I am publishing a consultation document today called "Strengthening Partnerships: Next Steps for Compact". The compact is a guidance document that was first developed seven years ago and has made a significant positive impact on the relationship between voluntary and community organisations and the public bodies that fund them. The consultation document invites comments on how we move forward with the compact, building on the valuable experience we have gained so far. Proposals include compact plus, a short set of commitments which public sector bodies and voluntary and community sector organisations can opt into, and a compact champion who would support organisations in realising those commitments and adjudicate on disagreements.
We are also publishing the compact code of good practice on funding and procurement today. This revised funding code includes principles such as full cost recovery and the local dimension. The aim is to get the funding relationships right and keep it right by covering the full funding cycle, from programme design and bidding, monitoring and reporting, through to the conclusion of the financial relationship.

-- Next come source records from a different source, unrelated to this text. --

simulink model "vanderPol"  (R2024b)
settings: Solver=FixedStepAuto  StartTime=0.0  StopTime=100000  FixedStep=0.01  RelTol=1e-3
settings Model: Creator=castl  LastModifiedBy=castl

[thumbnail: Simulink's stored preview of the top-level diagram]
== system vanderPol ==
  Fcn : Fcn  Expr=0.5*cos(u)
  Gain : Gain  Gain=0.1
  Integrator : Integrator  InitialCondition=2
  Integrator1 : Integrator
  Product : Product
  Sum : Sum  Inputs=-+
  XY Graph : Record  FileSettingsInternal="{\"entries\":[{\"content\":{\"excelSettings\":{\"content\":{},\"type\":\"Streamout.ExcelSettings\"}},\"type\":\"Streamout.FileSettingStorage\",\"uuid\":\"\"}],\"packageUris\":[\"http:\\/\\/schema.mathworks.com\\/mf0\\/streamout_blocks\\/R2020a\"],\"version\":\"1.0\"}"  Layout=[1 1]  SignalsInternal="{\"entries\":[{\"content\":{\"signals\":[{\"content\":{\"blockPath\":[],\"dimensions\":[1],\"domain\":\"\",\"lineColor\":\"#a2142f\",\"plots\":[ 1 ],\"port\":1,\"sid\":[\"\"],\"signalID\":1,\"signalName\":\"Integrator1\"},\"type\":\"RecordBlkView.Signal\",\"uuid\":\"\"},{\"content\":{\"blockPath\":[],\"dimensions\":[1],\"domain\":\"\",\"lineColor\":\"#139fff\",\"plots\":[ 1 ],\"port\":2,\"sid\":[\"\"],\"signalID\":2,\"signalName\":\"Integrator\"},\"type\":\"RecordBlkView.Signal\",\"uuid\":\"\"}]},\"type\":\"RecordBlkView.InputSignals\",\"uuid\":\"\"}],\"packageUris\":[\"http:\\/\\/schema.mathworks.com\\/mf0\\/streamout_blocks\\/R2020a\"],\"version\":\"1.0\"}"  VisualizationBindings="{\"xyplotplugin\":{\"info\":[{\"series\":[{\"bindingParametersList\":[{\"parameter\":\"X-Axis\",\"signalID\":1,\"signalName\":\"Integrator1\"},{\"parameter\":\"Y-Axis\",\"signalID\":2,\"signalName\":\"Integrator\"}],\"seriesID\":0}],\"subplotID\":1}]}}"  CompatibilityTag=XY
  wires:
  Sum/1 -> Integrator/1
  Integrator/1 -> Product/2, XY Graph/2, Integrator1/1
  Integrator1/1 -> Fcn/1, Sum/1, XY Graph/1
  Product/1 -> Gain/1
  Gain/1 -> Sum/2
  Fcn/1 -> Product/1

Last year we published a 10-year vision for developing the infrastructure and building the capacity of the voluntary and community sector, within a programme called ChangeUp. This was supported by an investment of £80 million over three years. Today we will be announcing continuation funding of £70 million for a further two years, until 2008. We will also announce the establishment of Capacity Builders, a sector-led agency to run ChangeUp and ensure it benefits front-line organisations
Futurebuilders is a £125 million investment fund to assist voluntary and community organisations and social enterprises in their public service work, announced in September 2003. The fund provides finance to acquire capital assets through grants and loans. Today we announce continuation funding of £90 million for Futurebuilders for a further two years of operation, until 2008.
A capital programme, which acts as a community enterprise incubator fond, was launched in 2001 as the capital modernisation programme in order to invest in the development of frontline voluntary and community organisations (for example, investing in premises and ICT). Today we are announcing an investment of £4 million through this programme to support the development of established community anchor organisations, to provide accommodation and intensive support for embryonic community-based organisations and enterprises.
Tasers
On 15 September 2004, the then Home Secretary announced that he had authorised chief officers throughout England and Wales to deploy the M26 Taser for use in strictly limited circumstances. This allows chief officers to make the M26 Taser available to authorised firearms officers in their force as a less lethal alternative for use in situations where a firearms authority has been granted in accordance with criteria laid down in the ACPO Manual of Guidance on Police Use of Firearms. Since then, a new Taser model, the X26 Taser has been developed and placed on the market.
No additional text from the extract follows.